◆ EXERCISE REQUIREMENTS ◆
Output, word for word, the lines of this listing that fall between the line with "undefined symbols (not" and the line with "settings DataIOCC: SaveOutput=off", counting both of those lines, and no others.

◆ SUPPLIED DATA ◆
-------
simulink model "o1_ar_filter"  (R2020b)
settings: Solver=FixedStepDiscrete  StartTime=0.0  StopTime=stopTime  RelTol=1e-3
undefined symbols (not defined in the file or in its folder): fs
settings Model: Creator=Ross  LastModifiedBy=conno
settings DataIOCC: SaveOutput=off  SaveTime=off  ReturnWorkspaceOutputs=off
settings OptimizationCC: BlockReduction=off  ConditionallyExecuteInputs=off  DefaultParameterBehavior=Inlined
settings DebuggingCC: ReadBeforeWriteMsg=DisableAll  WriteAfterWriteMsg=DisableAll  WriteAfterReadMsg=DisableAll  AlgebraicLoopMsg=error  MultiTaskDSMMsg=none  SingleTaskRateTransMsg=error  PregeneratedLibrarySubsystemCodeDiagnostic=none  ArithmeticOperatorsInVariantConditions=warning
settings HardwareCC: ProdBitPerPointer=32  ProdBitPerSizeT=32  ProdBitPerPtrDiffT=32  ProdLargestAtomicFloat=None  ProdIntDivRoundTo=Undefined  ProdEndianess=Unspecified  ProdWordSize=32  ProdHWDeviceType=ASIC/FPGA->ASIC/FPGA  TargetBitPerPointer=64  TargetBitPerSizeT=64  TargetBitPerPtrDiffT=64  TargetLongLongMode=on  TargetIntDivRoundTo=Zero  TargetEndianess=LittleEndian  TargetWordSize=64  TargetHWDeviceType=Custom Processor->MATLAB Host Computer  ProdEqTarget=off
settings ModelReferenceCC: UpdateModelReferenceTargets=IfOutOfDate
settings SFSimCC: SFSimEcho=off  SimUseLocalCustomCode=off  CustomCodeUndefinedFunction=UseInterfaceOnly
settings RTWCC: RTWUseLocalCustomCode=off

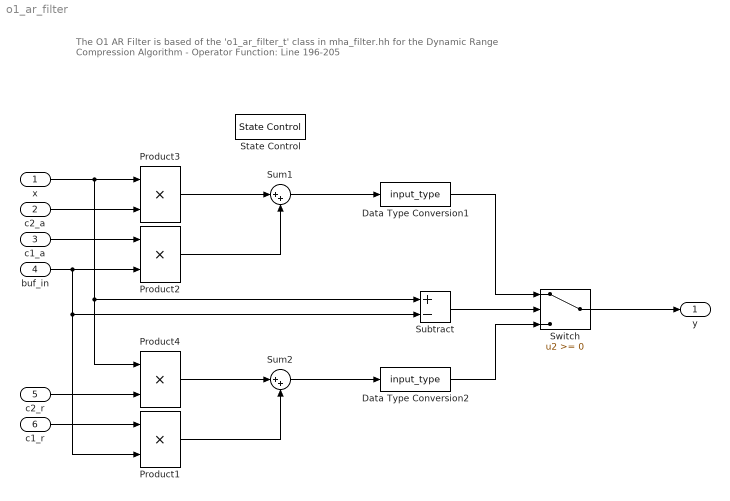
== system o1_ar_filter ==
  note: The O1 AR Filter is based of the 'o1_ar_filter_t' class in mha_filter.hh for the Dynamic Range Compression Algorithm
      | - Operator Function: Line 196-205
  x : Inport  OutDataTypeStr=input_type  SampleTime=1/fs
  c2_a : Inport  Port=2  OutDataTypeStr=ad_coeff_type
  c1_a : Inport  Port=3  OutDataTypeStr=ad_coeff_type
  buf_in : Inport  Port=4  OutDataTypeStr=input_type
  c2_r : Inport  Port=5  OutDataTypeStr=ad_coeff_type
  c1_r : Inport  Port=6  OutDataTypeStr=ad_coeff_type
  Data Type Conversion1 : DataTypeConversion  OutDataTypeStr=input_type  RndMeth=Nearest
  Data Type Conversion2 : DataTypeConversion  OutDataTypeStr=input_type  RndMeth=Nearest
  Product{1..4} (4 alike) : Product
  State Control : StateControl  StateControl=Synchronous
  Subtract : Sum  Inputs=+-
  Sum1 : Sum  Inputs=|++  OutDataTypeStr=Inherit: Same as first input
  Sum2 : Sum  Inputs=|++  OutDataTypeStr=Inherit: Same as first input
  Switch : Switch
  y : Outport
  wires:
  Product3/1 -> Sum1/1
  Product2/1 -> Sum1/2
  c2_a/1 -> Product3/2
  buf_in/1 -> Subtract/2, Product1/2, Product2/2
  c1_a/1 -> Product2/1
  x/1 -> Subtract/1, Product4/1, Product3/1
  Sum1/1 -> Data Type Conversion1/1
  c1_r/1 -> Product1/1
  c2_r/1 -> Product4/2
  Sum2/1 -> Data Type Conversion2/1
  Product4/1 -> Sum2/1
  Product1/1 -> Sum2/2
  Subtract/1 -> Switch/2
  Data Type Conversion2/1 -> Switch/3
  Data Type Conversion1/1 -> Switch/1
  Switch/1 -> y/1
-------
◆ SOLVED PROBLEM ◆
undefined symbols (not defined in the file or in its folder): fs
settings Model: Creator=Ross  LastModifiedBy=conno
settings DataIOCC: SaveOutput=off  SaveTime=off  ReturnWorkspaceOutputs=off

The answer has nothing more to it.